**Task requirements**
Below are some records. Count the lines with "消防设备" in them and give nothing but the total.

**Information provided**
★ ★ ★ ★ ★
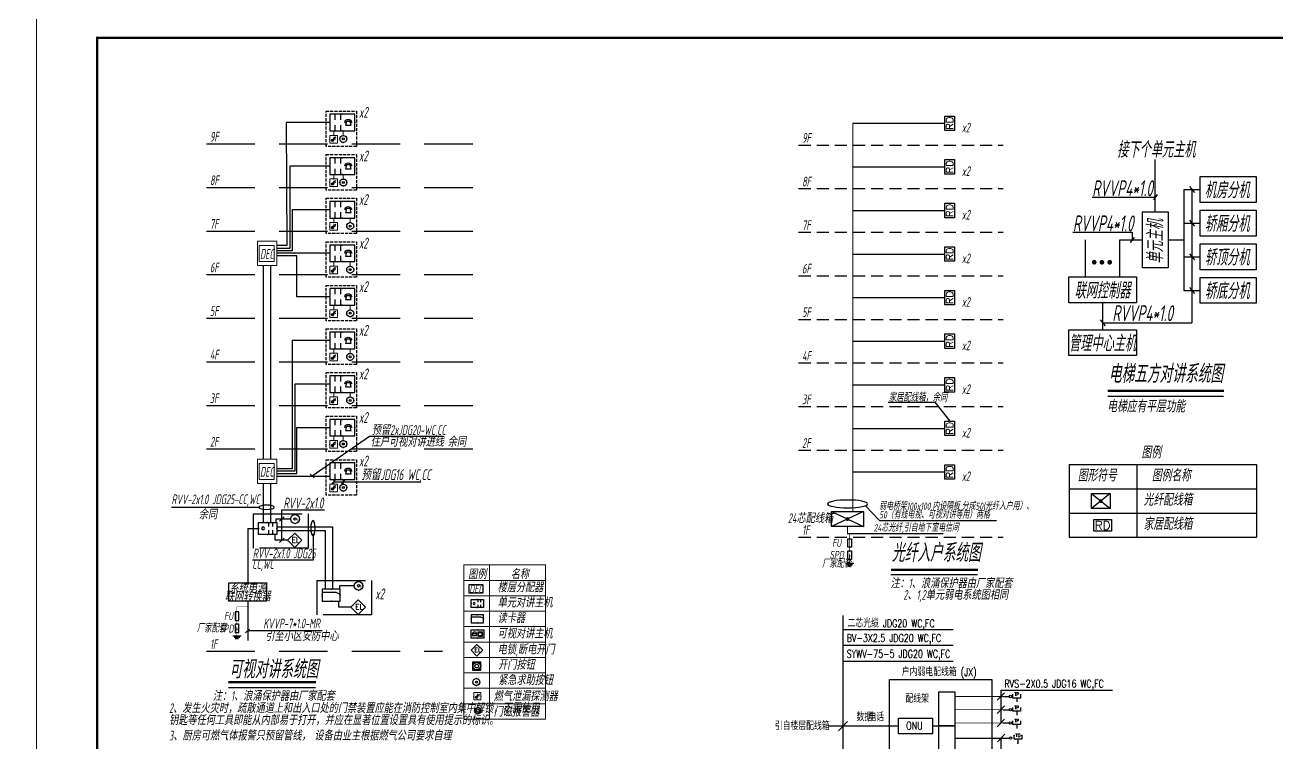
# Model space of a CAD drawing. Extents: x 3753737 to 4713801, y -857380 to 24339.
# Drawn here: x 4194336 to 4246048, y -659978 to -630329 of the extents above; entities that cross this region are included whole.
import ezdxf
from ezdxf.enums import TextEntityAlignment as Align

# ---------------------------------------------------------------- set-up
doc = ezdxf.new("R2010")
doc.units = 0
doc.header["$LTSCALE"] = 1000
doc.header["$MEASUREMENT"] = 0
doc.linetypes.add('DASH', pattern=[0.35, 0.25, -0.1])
doc.linetypes.add('DASHED', pattern=[0.75, 0.5, -0.25])
doc.layers.get('0').update_dxf_attribs({"linetype": 'CONTINUOUS'})
for name, color, linetype in [('1-弱电', 3, 'CONTINUOUS'), ('1-弱电1', 3, 'CONTINUOUS'), ('DIM-照明', 7, 'CONTINUOUS'), ('EQUIP-安防', 3, 'CONTINUOUS'), ('EQUIP-通讯', 3, 'CONTINUOUS'), ('T-消防设备', 3, 'CONTINUOUS'), ('T-通用', 7, 'CONTINUOUS'), ('TEL_TEXT', 7, 'CONTINUOUS'), ('WIRE-SECU-1', 30, 'CONTINUOUS'), ('WIRE-照明', 2, 'CONTINUOUS'), ('WIRE-通讯', 4, 'CONTINUOUS'), ('照明平面导线层', 3, 'CONTINUOUS'), ('电气', 6, 'CONTINUOUS')]:
    doc.layers.add(name, color=color, linetype=linetype)
for name, color, linetype, lineweight in [('EQUIP-消防', 3, 'CONTINUOUS', 20), ('图框', 147, 'CONTINUOUS', 20), ('文字彩图', 7, 'CONTINUOUS', 0)]:
    doc.layers.add(name, color=color, linetype=linetype, lineweight=lineweight)
doc.styles.add('-黑体', font='simhei.ttf', dxfattribs={"width": 0.8})
doc.styles.add('1常用弱电', font='SIMPLEX.shx', dxfattribs={"width": 0.8, "height": 3.5, "bigfont": 'HZTXT.shx'})
doc.styles.add('_COMPLEX', font='COMPLEX', dxfattribs={"width": 0.6})
doc.styles.add('_TCH_LABEL', font='COMPLEX', dxfattribs={"bigfont": 'GBCBIG'})
doc.styles.add('_TEL_DIM', font='SIMPLEX', dxfattribs={"width": 0.8, "height": 3.5, "bigfont": 'HZTXT'})
doc.styles.add('DX', font='romans.shx', dxfattribs={"width": 0.8, "bigfont": 'hztxt.shx'})
doc.styles.add('HZTXT', font='gbeitc.shx', dxfattribs={"width": 0.8, "height": 400, "bigfont": 'hztxt.shx'})
doc.styles.add('SM1', font='realsz.shx', dxfattribs={"width": 0.75, "bigfont": 'realhz.shx'})
doc.styles.get("Standard").update_dxf_attribs({"font": 'gbenor.shx', "bigfont": 'gbcbig.shx'})

# ---------------------------------------------------------------- blocks, each defined once
blk = doc.blocks.new('$equip$00002647')
at = {"linetype": 'Continuous'}
for p, q in [((-0.63, -0.415), (-0.63, 0.415)), ((-0.63, -0.415), (-0.63, 0.415)), ((-0.63, 0.415), (0.62, 0.415)), ((0.066, 0.129), (0.066, 0.415)), ((0.345, 0.129), (0.345, 0.415)), ((0.62, 0.415), (0.62, -0.415)), ((0.62, -0.415), (-0.63, -0.415)), ((0.066, -0.415), (0.066, -0.129)), ((0.345, -0.415), (0.345, -0.129))]:
    blk.add_line(p, q, dxfattribs=at)
at = {"const_width": 0.05}
blk.add_lwpolyline([(-0.63, 0.415), (0.62, 0.415), (0.62, -0.415), (-0.63, -0.415), (-0.63, 0.415), (0.62, 0.415)], dxfattribs=at)
at = {"linetype": 'Continuous'}
for start, end in [(0, 180), (180, 0)]:
    blk.add_arc((-0.32, 0), 0.1, start, end, dxfattribs=at)
at = {"color": 1}
for p in [(-0.63, 0), (-0.005, 0.415), (0.62, 0), (-0.005, -0.415)]:
    blk.add_point(p, dxfattribs=at)
at = {"color": 7, "style": '_TEL_DIM', "flags": 1}
blk.add_attdef('A', text='', height=0.000025, dxfattribs=at).set_placement((0, 0), align=Align.MIDDLE_CENTER)
blk = doc.blocks.new('3电锁')
at = {"layer": '1-弱电1'}
for p, q in [((0, 743), (-372, 372)), ((372, 372), (0, 743)), ((-372, 372), (0, 0)), ((0, 0), (372, 372))]:
    blk.add_line(p, q, dxfattribs=at)
at = {"layer": '1-弱电1', "style": '1常用弱电'}
blk.add_text('EL', height=277.7, dxfattribs=at).set_placement((-160, 247))
blk = doc.blocks.new('$equip$00002479')
at = {"const_width": 0.04}
blk.add_lwpolyline([(-0.3, 0, 1), (0.3, 0, 1), (-0.3, 0, 0.942883)], format="xyb", dxfattribs=at)
for radius in [0.3, 0.0841]:
    blk.add_circle((0, 0), radius)
for p in [(-0.3, 0), (0, 0.3), (0.3, 0), (0, -0.3)]:
    blk.add_point(p)
at = {"color": 7, "style": '_TEL_DIM', "flags": 1}
blk.add_attdef('A', text='', height=0.00002, dxfattribs=at).set_placement((0, 0), align=Align.MIDDLE_CENTER)
blk = doc.blocks.new('$equip$00001887')
at = {"color": 0, "linetype": 'Continuous'}
for p, q in [((-0.75, 0.5), (0.75, 0.5)), ((-0.75, -0.5), (-0.75, 0.5)), ((-0.63, 0.02), (-0.53, 0.02)), ((-0.59, -0.21), (-0.51, 0.09)), ((-0.51, 0.09), (-0.51, 0.09)), ((-0.51, 0.09), (-0.22, 0.09)), ((-0.22, 0.09), (-0.14, -0.21)), ((-0.19, 0.02), (-0.09, 0.02)), ((0.03, 0.26), (0.03, -0.26)), ((0.03, 0.26), (0.61, 0.26)), ((0.08, 0.17), (0.16, 0.18)), ((0.08, 0.17), (0.08, -0.16)), ((0.16, 0.18), (0.22, 0.2)), ((0.22, 0.2), (0.27, 0.21)), ((0.27, 0.21), (0.32, 0.21)), ((0.32, 0.21), (0.36, 0.21)), ((0.36, 0.21), (0.42, 0.2)), ((0.42, 0.2), (0.48, 0.18)), ((0.48, 0.18), (0.56, 0.17)), ((0.56, -0.16), (0.56, 0.17)), ((0.61, -0.26), (0.61, 0.26)), ((0.75, 0.5), (0.75, -0.5)), ((0.75, -0.5), (-0.75, -0.5)), ((-0.14, -0.21), (-0.59, -0.21)), ((0.03, -0.26), (0.61, -0.26)), ((0.16, -0.18), (0.08, -0.16)), ((0.22, -0.19), (0.16, -0.18)), ((0.27, -0.2), (0.22, -0.19)), ((0.32, -0.2), (0.27, -0.2)), ((0.36, -0.2), (0.32, -0.2)), ((0.42, -0.19), (0.36, -0.2)), ((0.48, -0.18), (0.42, -0.19)), ((0.56, -0.16), (0.48, -0.18))]:
    blk.add_line(p, q, dxfattribs=at)
blk.add_arc((-0.36, -0.02), 0.27, 6.9897, 173.0103, dxfattribs=at)
for p in [(-0.75, 0), (0, 0.5), (0.75, 0), (0, -0.5)]:
    blk.add_point(p)
at = {"layer": 'TEL_TEXT', "style": '_TEL_DIM', "flags": 1}
blk.add_attdef('A', text='', height=0.00002, dxfattribs=at).set_placement((0, 0), align=Align.MIDDLE_CENTER)
blk = doc.blocks.new('3开门按钮')
at = {"layer": '1-弱电1'}
for p, q in [((-250, 500), (-250, 0)), ((250, 500), (-250, 500)), ((-250, 0), (250, 0)), ((250, 0), (250, 500))]:
    blk.add_line(p, q, dxfattribs=at)
for major_axis, start_param, end_param in [((-1, 249), 2.35396, 8.637145), ((0, 226), -0.7841767626591614, 5.499008544520425), ((-1, 113), 2.351312, 8.634497)]:
    blk.add_ellipse((3, 251), major_axis=major_axis, ratio=1, start_param=start_param, end_param=end_param, dxfattribs=at)
blk = doc.blocks.new('$equip$00001600')
for p, q in [((0.5, 0), (-0.5, 0)), ((-0.5, 0), (-0.5, -1)), ((0.5, -1), (0.5, 0)), ((-0.5, -1), (0.5, -1)), ((-0.15, -0.65), (0.3, -0.2)), ((-0.15, -0.65), (0.05, -0.2)), ((-0.15, -0.65), (0.3, -0.45))]:
    blk.add_line(p, q)
blk.add_circle((-0.15, -0.65), 0.158)
for p in [(0, 0), (-0.5, -0.5), (0, -1), (0.5, -0.5)]:
    blk.add_point(p)
for points in [[(-0.29, -0.57), (-0.01, -0.57), (-0.31, -0.65), (0.01, -0.65)], [(-0.29, -0.73), (-0.01, -0.73), (-0.31, -0.65), (0.01, -0.65)], [(-0.23, -0.51), (-0.07, -0.51), (-0.29, -0.57), (-0.01, -0.57)], [(-0.23, -0.79), (-0.07, -0.79), (-0.29, -0.73), (-0.01, -0.73)], [(-0.15, -0.49), (-0.15, -0.49), (-0.23, -0.51), (-0.07, -0.51)], [(-0.15, -0.81), (-0.15, -0.81), (-0.23, -0.79), (-0.07, -0.79)]]:
    blk.add_solid(points)
at = {"flags": 9}
blk.add_attdef('A', (0, 0), '', height=0.00002, dxfattribs=at)
blk.add_attdef('B', text='', height=0.4, dxfattribs=at).set_placement((0.78, -0.7), align=Align.MIDDLE_CENTER)
blk = doc.blocks.new('$equip$00002617')
for p, q in [((0.625, 0.415), (-0.625, 0.415)), ((-0.625, 0.415), (-0.625, -0.415)), ((-0.625, 0.215), (0.325, 0.215)), ((0.325, 0.215), (0.625, 0.075)), ((0.625, -0.415), (0.625, 0.415)), ((-0.625, -0.415), (0.625, -0.415))]:
    blk.add_line(p, q)
at = {"linetype": 'Continuous', "const_width": 0.04}
blk.add_lwpolyline([(-0.625, 0.415), (0.625, 0.415), (0.625, -0.415), (-0.625, -0.415)], close=True, dxfattribs=at)
at = {"color": 1}
for p in [(-0.625, 0), (0, 0.415), (0.625, 0), (0.018, -0.415)]:
    blk.add_point(p, dxfattribs=at)
at = {"color": 7, "style": '_TEL_DIM', "flags": 1}
blk.add_attdef('A', text='', height=0.000025, dxfattribs=at).set_placement((0, 0), align=Align.MIDDLE_CENTER)
blk = doc.blocks.new('$equip$00002628')
at = {"linetype": 'Continuous'}
for p, q in [((-0.625, 0.415), (0.625, 0.415)), ((-0.625, -0.415), (-0.625, 0.415)), ((-0.472, 0.01), (-0.409, 0.01)), ((-0.446, -0.138), (-0.395, 0.058)), ((-0.395, 0.058), (-0.395, 0.058)), ((-0.395, 0.058), (-0.206, 0.058)), ((-0.206, 0.058), (-0.155, -0.138)), ((-0.191, 0.01), (-0.129, 0.01)), ((0.071, 0.129), (0.071, 0.415)), ((0.35, 0.129), (0.35, 0.415)), ((0.625, 0.415), (0.625, -0.415)), ((0.625, -0.415), (-0.625, -0.415)), ((-0.155, -0.138), (-0.446, -0.138)), ((0.071, -0.415), (0.071, -0.129)), ((0.35, -0.415), (0.35, -0.129))]:
    blk.add_line(p, q, dxfattribs=at)
at = {"const_width": 0.04}
blk.add_lwpolyline([(-0.625, 0.415), (0.625, 0.415), (0.625, -0.415), (-0.625, -0.415), (-0.625, 0.415), (0.625, 0.415)], dxfattribs=at)
at = {"linetype": 'Continuous'}
blk.add_arc((-0.3, -0.011), 0.173, 6.98974, 173.01026, dxfattribs=at)
for p in [(-0.625, 0), (0, 0.415), (0, -0.415), (0.625, 0)]:
    blk.add_point(p)
at = {"color": 7, "style": '_TEL_DIM', "flags": 1}
blk.add_attdef('A', text='', height=0.000025, dxfattribs=at).set_placement((0, 0), align=Align.MIDDLE_CENTER)
blk = doc.blocks.new('A$C18BE6784')
at = {"layer": 'EQUIP-安防', "linetype": 'ByBlock', "xscale": 400, "yscale": 400, "zscale": 400}
blk.add_blockref('$equip$00002479', (-47, 62), dxfattribs=at)
at = {"layer": 'EQUIP-安防', "color": 7, "linetype": 'ByBlock', "style": 'SM1', "width": 0.75}
blk.add_text('K', height=71.8, dxfattribs=at).set_placement((0, 0))
blk = doc.blocks.new('CNS-FXX')
blk.add_lwpolyline([(0, -307), (0, 307), (782, 307), (782, -307)], close=True)
at = {"layer": 'T-通用', "linetype": 'Continuous'}
for p, q in [((782, 307), (0, -307)), ((0, 307), (782, -307))]:
    blk.add_line(p, q, dxfattribs=at)
at = {"layer": 'T-通用', "linetype": 'Continuous', "const_width": 79.4}
blk.add_lwpolyline([(351, 0, 1), (431, 0, 1)], format="xyb", close=True, dxfattribs=at)
blk = doc.blocks.new('CNS-TC4')
at = {"color": 130}
blk.add_lwpolyline([(-300, 200), (300, 200), (300, -200), (-300, -200)], close=True, dxfattribs=at)
at = {"color": 7, "style": '1常用弱电'}
blk.add_text('RD', height=300, dxfattribs=at).set_placement((0, 0), align=Align.MIDDLE)
blk = doc.blocks.new('$equip$00002621')
for p, q in [((-0.19, 0.1), (-0.19, -0.1)), ((0.19, -0.1), (0.19, 0.1)), ((-0.19, -0.1), (0.19, -0.1))]:
    blk.add_line(p, q)
at = {"const_width": 0.04}
blk.add_lwpolyline([(-0.3, 0, 1), (0.3, 0, 1), (-0.3, 0, 0.702733)], format="xyb", dxfattribs=at)
blk.add_circle((0, 0), 0.3)
at = {"color": 1}
for p in [(-0.3, 0), (0, 0.3), (0.3, 0), (0, -0.3)]:
    blk.add_point(p, dxfattribs=at)
at = {"color": 7, "style": '_TEL_DIM', "flags": 1}
blk.add_attdef('A', text='', height=0.000025, dxfattribs=at).set_placement((0, 0), align=Align.MIDDLE_CENTER)
blk = doc.blocks.new('A$C4AE13D6C')
at = {"linetype": 'ByBlock'}
for p, q in [((877, 1052), (877, 3213)), ((2284, 2100), (2495, 1853)), ((-1726, 1662), (877, 1662)), ((955, 1768), (800, 1556)), ((2052, 1976), (2052, -2188)), ((2052, 1976), (2728, 1976)), ((2390, 1976), (2390, -3524)), ((2052, 588), (2728, 588)), ((2284, 712), (2495, 465)), ((-2525, 210), (-77, 210)), ((0, 0), (-154, -212)), ((-77, 210), (-77, -106)), ((-2000, -1633), (-2000, -106)), ((-588, -1633), (-588, -106)), ((-588, -106), (342, -106)), ((1412, -106), (2052, -106)), ((2052, -800), (2728, -800)), ((2284, -677), (2495, -924)), ((2284, -2065), (2495, -2312)), ((2052, -2188), (2728, -2188)), ((-1294, -3815), (-1294, -2703)), ((-1400, -3401), (-1188, -3648)), ((-1294, -3524), (2390, -3524))]:
    blk.add_line(p, q, dxfattribs=at)
for points in [[(2728, 2511), (5043, 2511), (5043, 1441), (2728, 1441)], [(342, -1264), (342, 1052), (1412, 1052), (1412, -1264)], [(2728, 1123), (5043, 1123), (5043, 53), (2728, 53)], [(2728, -265), (5043, -265), (5043, -1335), (2728, -1335)], [(-2688, -1633), (100, -1633), (100, -2703), (-2688, -2703)], [(2728, -1653), (5043, -1653), (5043, -2723), (2728, -2723)], [(-2688, -3815), (100, -3815), (100, -4885), (-2688, -4885)]]:
    blk.add_lwpolyline(points, close=True, dxfattribs=at)
at = {"layer": 'DIM-照明', "color": 7, "ltscale": 4}
blk.add_line((-1088, -6553), (3692, -6553), dxfattribs=at)
at = {"layer": 'DIM-照明', "const_width": 96}
for points in [[(-1694, -1027, 1), (-1598, -1027, 1)], [(-1374, -1027, 1), (-1278, -1027, 1)], [(-1054, -1027, 1), (-958, -1027, 1)]]:
    blk.add_lwpolyline(points, format="xyb", close=True, dxfattribs=at)
at = {"layer": 'DIM-照明', "color": 7, "ltscale": 4, "const_width": 98.5}
blk.add_lwpolyline([(-1089, -6337), (3716, -6337)], dxfattribs=at)
at = {"layer": 'DIM-照明', "color": 7, "style": 'HZTXT', "width": 0.7}
for s, p in [('接下个单元主机', (-705, 3623)), ('RVVP4*1.0', (-1728, 2029)), ('机房分机', (2916, 1949)), ('RVVP4*1.0', (-2527, 577)), ('轿厢分机', (2916, 560)), ('轿顶分机', (2916, -828)), ('联网控制器', (-2464, -2196)), ('轿底分机', (2916, -2216)), ('RVVP4*1.0', (-896, -3132)), ('管理中心主机', (-2697, -4378))]:
    blk.add_text(s, height=660, dxfattribs=at).set_placement(p, align=Align.MIDDLE_LEFT)
blk.add_text('单元主机', height=660, rotation=90, dxfattribs=at).set_placement((883, -1092), align=Align.MIDDLE_LEFT)
blk.add_text('电梯五方对讲系统图', height=750, dxfattribs=at).set_placement((-1055, -6009))
at = {"layer": 'DIM-照明', "style": 'HZTXT', "width": 0.7}
blk.add_text('电梯应有平层功能', height=500, dxfattribs=at).set_placement((-1116, -7226))
blk = doc.blocks.new('A$C34D655C4')
at = {"layer": 'T-消防设备', "linetype": 'Continuous'}
blk.add_lwpolyline([(-843, -223), (-843, 390), (483, 390), (483, -223)], close=True, dxfattribs=at)
at = {"layer": 'T-通用', "linetype": 'Continuous'}
for p, q in [((483, 390), (-843, -223)), ((-843, 390), (483, -223))]:
    blk.add_line(p, q, dxfattribs=at)
at = {"layer": 'T-通用', "linetype": 'Continuous', "const_width": 79.4}
blk.add_lwpolyline([(-220, 83, 1), (-141, 83, 1)], format="xyb", close=True, dxfattribs=at)
blk = doc.blocks.new('_LINKPT1')
blk.add_line((0, 0), (0, 0))
blk = doc.blocks.new('M_X40NMK')
for p, q in [((-0.5, 0.5), (-0.5, 1)), ((0.5, 0.5), (-0.5, 0.5)), ((0, 0.5), (0, 0)), ((0.5, 1), (0.5, 0.5))]:
    blk.add_line(p, q)
at = {"xscale": 0.002, "yscale": 0.002, "zscale": 0.002}
blk.add_blockref('_LINKPT1', (0, 0), dxfattribs=at)
at = {"style": '_COMPLEX', "width": 0.8, "flags": 8}
blk.add_attdef('$TEXT$', text='', height=0.4, dxfattribs=at).set_placement((0, 1), align=Align.MIDDLE_CENTER)
at = {"width": 0.8, "flags": 9}
blk.add_attdef('A', (0, 0), '', height=0.00002, dxfattribs=at)
blk = doc.blocks.new('00DX001_5-424')
blk.add_line((0, 0), (12.5, 0))
blk.add_circle((15, 0), 2.5)
blk = doc.blocks.new('$equip$00001382')
for p, q in [((-0.5, 0.5), (-0.5, 1)), ((0.5, 0.5), (-0.5, 0.5)), ((0, 0.5), (0, 0)), ((0.5, 1), (0.5, 0.5))]:
    blk.add_line(p, q)
for p in [(-0.5, 1), (0, 0.5), (0, 0), (0.5, 1)]:
    blk.add_point(p)
at = {"style": '_TCH_LABEL', "flags": 8}
blk.add_attdef('$TEXT$', text='', height=0.4, dxfattribs=at).set_placement((0, 1), align=Align.MIDDLE_CENTER)
at = {"style": '_TCH_LABEL', "flags": 9}
blk.add_attdef('A', (0, 0), '', height=0.00002, dxfattribs=at)
blk = doc.blocks.new('M_X41FTT')
for p, q in [((-0.5, 0.5), (-0.5, 1)), ((0.5, 0.5), (-0.5, 0.5)), ((0, 0.5), (0, 0)), ((0.5, 1), (0.5, 0.5))]:
    blk.add_line(p, q)
at = {"xscale": 0.002, "yscale": 0.002, "zscale": 0.002}
blk.add_blockref('_LINKPT1', (0, 0), dxfattribs=at)
at = {"style": '_COMPLEX', "width": 0.8, "flags": 8}
blk.add_attdef('$TEXT$', text='', height=0.4, dxfattribs=at).set_placement((0, 1), align=Align.MIDDLE_CENTER)
at = {"width": 0.8, "flags": 9}
blk.add_attdef('A', (0, 0), '', height=0.00002, dxfattribs=at)
blk = doc.blocks.new('$equip$00001429')
for p, q in [((-0.5, 0.5), (0.5, 0.5)), ((0, 0), (0, 0.5))]:
    blk.add_line(p, q)
blk.add_arc((0, 0.5), 0.5, 0, 180)
for p in [(0, 1), (-0.5, 0.5), (0, 0), (0.5, 0.5)]:
    blk.add_point(p)
at = {"style": '_TCH_LABEL', "flags": 9}
blk.add_attdef('A', (0, 0), '', height=0.00002, dxfattribs=at)
blk = doc.blocks.new('DGASDGSDGASDGSAG')
for p, q in [((646042, -71350), (646045, -60539)), ((646045, -61255), (651729, -61255)), ((646045, -62071), (651729, -62071)), ((646045, -62886), (651729, -62886)), ((648435, -73008), (648435, -63847)), ((648435, -63847), (653720, -63847)), ((653720, -63847), (653720, -73008)), ((654003, -64913), (654375, -64525)), ((654191, -64396), (654189, -66085)), ((654191, -64396), (659951, -64396)), ((654003, -65594), (654375, -65206)), ((654003, -66279), (654375, -65892)), ((645289, -66234), (648905, -66234)), ((645810, -66484), (646275, -66000)), ((650666, -66234), (650996, -66234)), ((651838, -66860), (654322, -66860)), ((654024, -67056), (654396, -66669)), ((654212, -68563), (654210, -66862)), ((654213, -68349), (654212, -68348)), ((645239, -69073), (648905, -69073)), ((645810, -69323), (646275, -68839)), ((654324, -68563), (654212, -68563)), ((654213, -68563), (659972, -68563)), ((653838, -70736), (654210, -70348)), ((650188, -71159), (650819, -70542)), ((650819, -70542), (654447, -70542)), ((654019, -70542), (654019, -73083)), ((645239, -71342), (649529, -71342)), ((645810, -71592), (646275, -71107)), ((650188, -71550), (650789, -72161)), ((650288, -71351), (654447, -71351)), ((650789, -72161), (654441, -72161)), ((653838, -72336), (654210, -71949)), ((653720, -73008), (648435, -73008)), ((654019, -73083), (659779, -73083)), ((648049, -74062), (654271, -74062))]:
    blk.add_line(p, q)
★ ★ ★ ★ ★
**Output below**
2